What is needed is an exact repetition of the lines below, from the first one through the one holding "#6=PRODUCT_DEFINITION_FORMATION('','',#4);", with no pictures and nothing else.

━━━━━ Supplied material ━━━━━

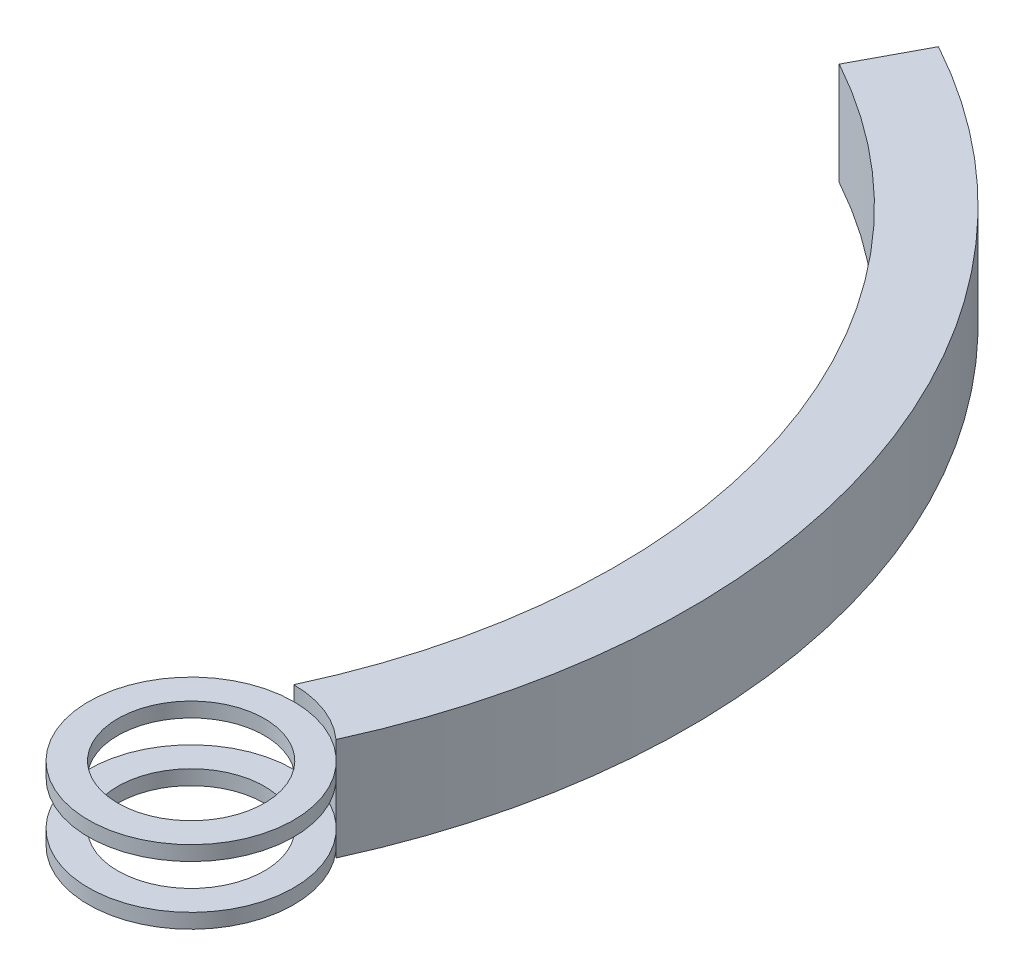
ISO-10303-21;
HEADER;
FILE_DESCRIPTION(('STEP AP214'),'2;1');
FILE_NAME('part.step','',(''),(''),'','','');
FILE_SCHEMA(('AUTOMOTIVE_DESIGN { 1 0 10303 214 1 1 1 1 }'));
ENDSEC;
DATA;
#1=APPLICATION_CONTEXT('core data for automotive mechanical design processes');
#2=APPLICATION_PROTOCOL_DEFINITION('international standard','automotive_design',2000,#1);
#3=PRODUCT_CONTEXT('',#1,'mechanical');
#4=PRODUCT('Part','Part','',(#3));
#5=PRODUCT_RELATED_PRODUCT_CATEGORY('part','',(#4));
#6=PRODUCT_DEFINITION_FORMATION('','',#4);
#7=PRODUCT_DEFINITION_CONTEXT('part definition',#1,'design');
#8=PRODUCT_DEFINITION('design','',#6,#7);
#9=PRODUCT_DEFINITION_SHAPE('','',#8);
#10=(LENGTH_UNIT() NAMED_UNIT(*) SI_UNIT(.MILLI.,.METRE.));
#11=(NAMED_UNIT(*) PLANE_ANGLE_UNIT() SI_UNIT($,.RADIAN.));
#12=(NAMED_UNIT(*) SI_UNIT($,.STERADIAN.) SOLID_ANGLE_UNIT());
#13=UNCERTAINTY_MEASURE_WITH_UNIT(LENGTH_MEASURE(1.E-05),#10,'distance_accuracy_value','');
#14=(GEOMETRIC_REPRESENTATION_CONTEXT(3) GLOBAL_UNCERTAINTY_ASSIGNED_CONTEXT((#13)) GLOBAL_UNIT_ASSIGNED_CONTEXT((#10,
#11,#12)) REPRESENTATION_CONTEXT('',''));
#15=CARTESIAN_POINT('',(0.,0.,0.));
#16=DIRECTION('',(0.,0.,1.));
#17=DIRECTION('',(1.,0.,0.));
#18=AXIS2_PLACEMENT_3D('',#15,#16,#17);
#19=CARTESIAN_POINT('',(9.42486588880634,215.9,-1430.31321434565));
#20=DIRECTION('',(0.,-1.,0.));
#21=DIRECTION('',(0.,0.,-1.));
#22=AXIS2_PLACEMENT_3D('',#19,#20,#21);
#23=CYLINDRICAL_SURFACE('',#22,76.2);
#24=CARTESIAN_POINT('',(9.42486588880634,150.585714285714,-1430.31321434565));
#25=DIRECTION('',(0.,-1.,0.));
#26=DIRECTION('',(0.,0.,-1.));
#27=AXIS2_PLACEMENT_3D('',#24,#25,#26);
#28=CIRCLE('',#27,76.2);
#29=CARTESIAN_POINT('',(60.3625796080155,150.585714285714,-1486.9858649018));
#30=VERTEX_POINT('',#29);
#31=CARTESIAN_POINT('',(9.42486588880628,150.585714285714,-1506.51321434565));
#32=VERTEX_POINT('',#31);
#33=EDGE_CURVE('E126',#30,#32,#28,.T.);
#34=ORIENTED_EDGE('',*,*,#33,.F.);
#35=DIRECTION('',(0.,-1.,0.));
#36=VECTOR('',#35,1.);
#37=CARTESIAN_POINT('',(60.3625796080155,215.9,-1486.9858649018));
#38=LINE('',#37,#36);
#39=CARTESIAN_POINT('',(60.3625796080155,161.471428571429,-1486.9858649018));
#40=VERTEX_POINT('',#39);
#41=EDGE_CURVE('E162',#40,#30,#38,.T.);
#42=ORIENTED_EDGE('',*,*,#41,.F.);
#43=CARTESIAN_POINT('',(9.42486588880634,161.471428571429,-1430.31321434565));
#44=DIRECTION('',(0.,1.,0.));
#45=DIRECTION('',(0.,0.,1.));
#46=AXIS2_PLACEMENT_3D('',#43,#44,#45);
#47=CIRCLE('',#46,76.2);
#48=CARTESIAN_POINT('',(9.42486588880628,161.471428571429,-1506.51321434565));
#49=VERTEX_POINT('',#48);
#50=EDGE_CURVE('E153',#49,#40,#47,.T.);
#51=ORIENTED_EDGE('',*,*,#50,.F.);
#52=DIRECTION('',(0.,-1.,0.));
#53=VECTOR('',#52,1.);
#54=CARTESIAN_POINT('',(9.42486588880631,215.9,-1506.51321434565));
#55=LINE('',#54,#53);
#56=EDGE_CURVE('E148',#49,#32,#55,.T.);
#57=ORIENTED_EDGE('',*,*,#56,.T.);
#58=EDGE_LOOP('',(#34,#42,#51,#57));
#59=FACE_BOUND('',#58,.T.);
#60=ADVANCED_FACE('F35',(#59),#23,.T.);
#61=CARTESIAN_POINT('',(9.42486588880631,205.014285714286,-1506.51321434565));
#62=VERTEX_POINT('',#61);
#63=CARTESIAN_POINT('',(9.42486588880631,194.128571428571,-1506.51321434565));
#64=VERTEX_POINT('',#63);
#65=EDGE_CURVE('E158',#62,#64,#55,.T.);
#66=ORIENTED_EDGE('',*,*,#65,.T.);
#67=CARTESIAN_POINT('',(9.42486588880634,194.128571428571,-1430.31321434565));
#68=DIRECTION('',(0.,1.,0.));
#69=DIRECTION('',(0.,0.,1.));
#70=AXIS2_PLACEMENT_3D('',#67,#68,#69);
#71=CIRCLE('',#70,76.2);
#72=CARTESIAN_POINT('',(60.3625796080155,194.128571428571,-1486.9858649018));
#73=VERTEX_POINT('',#72);
#74=EDGE_CURVE('E180',#64,#73,#71,.T.);
#75=ORIENTED_EDGE('',*,*,#74,.T.);
#76=CARTESIAN_POINT('',(60.3625796080155,205.014285714286,-1486.9858649018));
#77=VERTEX_POINT('',#76);
#78=EDGE_CURVE('E160',#77,#73,#38,.T.);
#79=ORIENTED_EDGE('',*,*,#78,.F.);
#80=CARTESIAN_POINT('',(9.42486588880634,205.014285714286,-1430.31321434565));
#81=DIRECTION('',(0.,1.,0.));
#82=DIRECTION('',(0.,0.,1.));
#83=AXIS2_PLACEMENT_3D('',#80,#81,#82);
#84=CIRCLE('',#83,76.2);
#85=EDGE_CURVE('E182',#62,#77,#84,.T.);
#86=ORIENTED_EDGE('',*,*,#85,.F.);
#87=EDGE_LOOP('',(#66,#75,#79,#86));
#88=FACE_BOUND('',#87,.T.);
#89=ADVANCED_FACE('F177',(#88),#23,.T.);
#90=CARTESIAN_POINT('',(-409.675134111194,215.9,-1702.45607148851));
#91=DIRECTION('',(0.,-1.,0.));
#92=DIRECTION('',(0.,0.,-1.));
#93=AXIS2_PLACEMENT_3D('',#90,#91,#92);
#94=CYLINDRICAL_SURFACE('',#93,517.071428571429);
#95=CARTESIAN_POINT('',(-409.675134111194,139.7,-1702.45607148851));
#96=DIRECTION('',(0.,1.,0.));
#97=DIRECTION('',(0.,0.,1.));
#98=AXIS2_PLACEMENT_3D('',#95,#96,#97);
#99=CIRCLE('',#98,517.071428571429);
#100=CARTESIAN_POINT('',(60.3625796080155,139.7,-1486.9858649018));
#101=VERTEX_POINT('',#100);
#102=CARTESIAN_POINT('',(-161.421062527572,139.7,-2156.03382467648));
#103=VERTEX_POINT('',#102);
#104=EDGE_CURVE('E203',#101,#103,#99,.T.);
#105=ORIENTED_EDGE('',*,*,#104,.T.);
#106=DIRECTION('',(0.,-1.,0.));
#107=VECTOR('',#106,1.);
#108=CARTESIAN_POINT('',(-161.421062527572,215.9,-2156.03382467648));
#109=LINE('',#108,#107);
#110=CARTESIAN_POINT('',(-161.421062527572,215.9,-2156.03382467648));
#111=VERTEX_POINT('',#110);
#112=EDGE_CURVE('E58',#103,#111,#109,.F.);
#113=ORIENTED_EDGE('',*,*,#112,.T.);
#114=CARTESIAN_POINT('',(-409.675134111194,215.9,-1702.45607148851));
#115=DIRECTION('',(0.,1.,0.));
#116=DIRECTION('',(0.,0.,1.));
#117=AXIS2_PLACEMENT_3D('',#114,#115,#116);
#118=CIRCLE('',#117,517.071428571429);
#119=CARTESIAN_POINT('',(60.3625796080155,215.9,-1486.9858649018));
#120=VERTEX_POINT('',#119);
#121=EDGE_CURVE('E205',#120,#111,#118,.T.);
#122=ORIENTED_EDGE('',*,*,#121,.F.);
#123=EDGE_CURVE('E155',#120,#77,#38,.T.);
#124=ORIENTED_EDGE('',*,*,#123,.T.);
#125=ORIENTED_EDGE('',*,*,#78,.T.);
#126=DIRECTION('',(0.,1.,0.));
#127=VECTOR('',#126,1.);
#128=CARTESIAN_POINT('',(60.3625796080155,177.8,-1486.9858649018));
#129=LINE('',#128,#127);
#130=EDGE_CURVE('E193',#73,#40,#129,.F.);
#131=ORIENTED_EDGE('',*,*,#130,.T.);
#132=ORIENTED_EDGE('',*,*,#41,.T.);
#133=DIRECTION('',(0.,-1.,0.));
#134=VECTOR('',#133,1.);
#135=CARTESIAN_POINT('',(60.3625796080155,145.142857142857,-1486.9858649018));
#136=LINE('',#135,#134);
#137=EDGE_CURVE('E143',#30,#101,#136,.T.);
#138=ORIENTED_EDGE('',*,*,#137,.T.);
#139=EDGE_LOOP('',(#105,#113,#122,#124,#125,#131,#132,#138));
#140=FACE_BOUND('',#139,.T.);
#141=ADVANCED_FACE('F211',(#140),#94,.T.);
#142=CARTESIAN_POINT('',(-191.960848396908,215.9,-2110.67035720279));
#143=DIRECTION('',(0.882352941176471,0.,0.470588235294117));
#144=DIRECTION('',(0.470588235294117,0.,-0.882352941176471));
#145=AXIS2_PLACEMENT_3D('',#142,#143,#144);
#146=PLANE('',#145);
#147=DIRECTION('',(0.,-1.,0.));
#148=VECTOR('',#147,1.);
#149=CARTESIAN_POINT('',(-168.938291654715,215.9,-2153.83765109441));
#150=LINE('',#149,#148);
#151=CARTESIAN_POINT('',(-168.938291654715,210.424359126444,-2153.83765109441));
#152=VERTEX_POINT('',#151);
#153=CARTESIAN_POINT('',(-168.938291654715,145.175640873556,-2153.83765109441));
#154=VERTEX_POINT('',#153);
#155=EDGE_CURVE('E260',#152,#154,#150,.T.);
#156=ORIENTED_EDGE('',*,*,#155,.T.);
#157=DIRECTION('',(-0.470588235294117,0.,0.882352941176471));
#158=VECTOR('',#157,1.);
#159=CARTESIAN_POINT('',(-191.960848396908,145.175640873556,-2110.67035720279));
#160=LINE('',#159,#158);
#161=CARTESIAN_POINT('',(-189.399503859093,145.175640873556,-2115.4728782112));
#162=VERTEX_POINT('',#161);
#163=EDGE_CURVE('E259',#154,#162,#160,.T.);
#164=ORIENTED_EDGE('',*,*,#163,.T.);
#165=DIRECTION('',(0.,1.,0.));
#166=VECTOR('',#165,1.);
#167=CARTESIAN_POINT('',(-189.399503859093,215.9,-2115.4728782112));
#168=LINE('',#167,#166);
#169=CARTESIAN_POINT('',(-189.399503859093,210.424359126444,-2115.4728782112));
#170=VERTEX_POINT('',#169);
#171=EDGE_CURVE('E164',#162,#170,#168,.T.);
#172=ORIENTED_EDGE('',*,*,#171,.T.);
#173=DIRECTION('',(0.470588235294117,0.,-0.882352941176471));
#174=VECTOR('',#173,1.);
#175=CARTESIAN_POINT('',(-166.347403018757,210.424359126444,-2158.69556728683));
#176=LINE('',#175,#174);
#177=EDGE_CURVE('E170',#170,#152,#176,.T.);
#178=ORIENTED_EDGE('',*,*,#177,.T.);
#179=EDGE_LOOP('',(#156,#164,#172,#178));
#180=FACE_BOUND('',#179,.T.);
#181=ADVANCED_FACE('F274',(#180),#146,.F.);
#182=CARTESIAN_POINT('',(-409.675134111194,215.9,-1702.45607148851));
#183=DIRECTION('',(0.,-1.,0.));
#184=DIRECTION('',(0.,0.,-1.));
#185=AXIS2_PLACEMENT_3D('',#182,#183,#184);
#186=CYLINDRICAL_SURFACE('',#185,462.642857142857);
#187=DIRECTION('',(0.,-1.,0.));
#188=VECTOR('',#187,1.);
#189=CARTESIAN_POINT('',(-187.144986106918,215.9,-2108.06517702548));
#190=LINE('',#189,#188);
#191=CARTESIAN_POINT('',(-187.144986106918,215.835950740885,-2108.06517702548));
#192=VERTEX_POINT('',#191);
#193=CARTESIAN_POINT('',(-187.144986106918,139.764049259115,-2108.06517702548));
#194=VERTEX_POINT('',#193);
#195=EDGE_CURVE('E263',#192,#194,#190,.T.);
#196=ORIENTED_EDGE('',*,*,#195,.T.);
#197=CARTESIAN_POINT('',(-409.675134111194,145.175640873556,-1702.45607148851));
#198=DIRECTION('',(0.620258500421887,0.711229747150414,0.330804533558339));
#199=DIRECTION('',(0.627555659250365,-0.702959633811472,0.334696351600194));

━━━━━

Result of the exercise =
ISO-10303-21;
HEADER;
FILE_DESCRIPTION(('STEP AP214'),'2;1');
FILE_NAME('part.step','',(''),(''),'','','');
FILE_SCHEMA(('AUTOMOTIVE_DESIGN { 1 0 10303 214 1 1 1 1 }'));
ENDSEC;
DATA;
#1=APPLICATION_CONTEXT('core data for automotive mechanical design processes');
#2=APPLICATION_PROTOCOL_DEFINITION('international standard','automotive_design',2000,#1);
#3=PRODUCT_CONTEXT('',#1,'mechanical');
#4=PRODUCT('Part','Part','',(#3));
#5=PRODUCT_RELATED_PRODUCT_CATEGORY('part','',(#4));
#6=PRODUCT_DEFINITION_FORMATION('','',#4);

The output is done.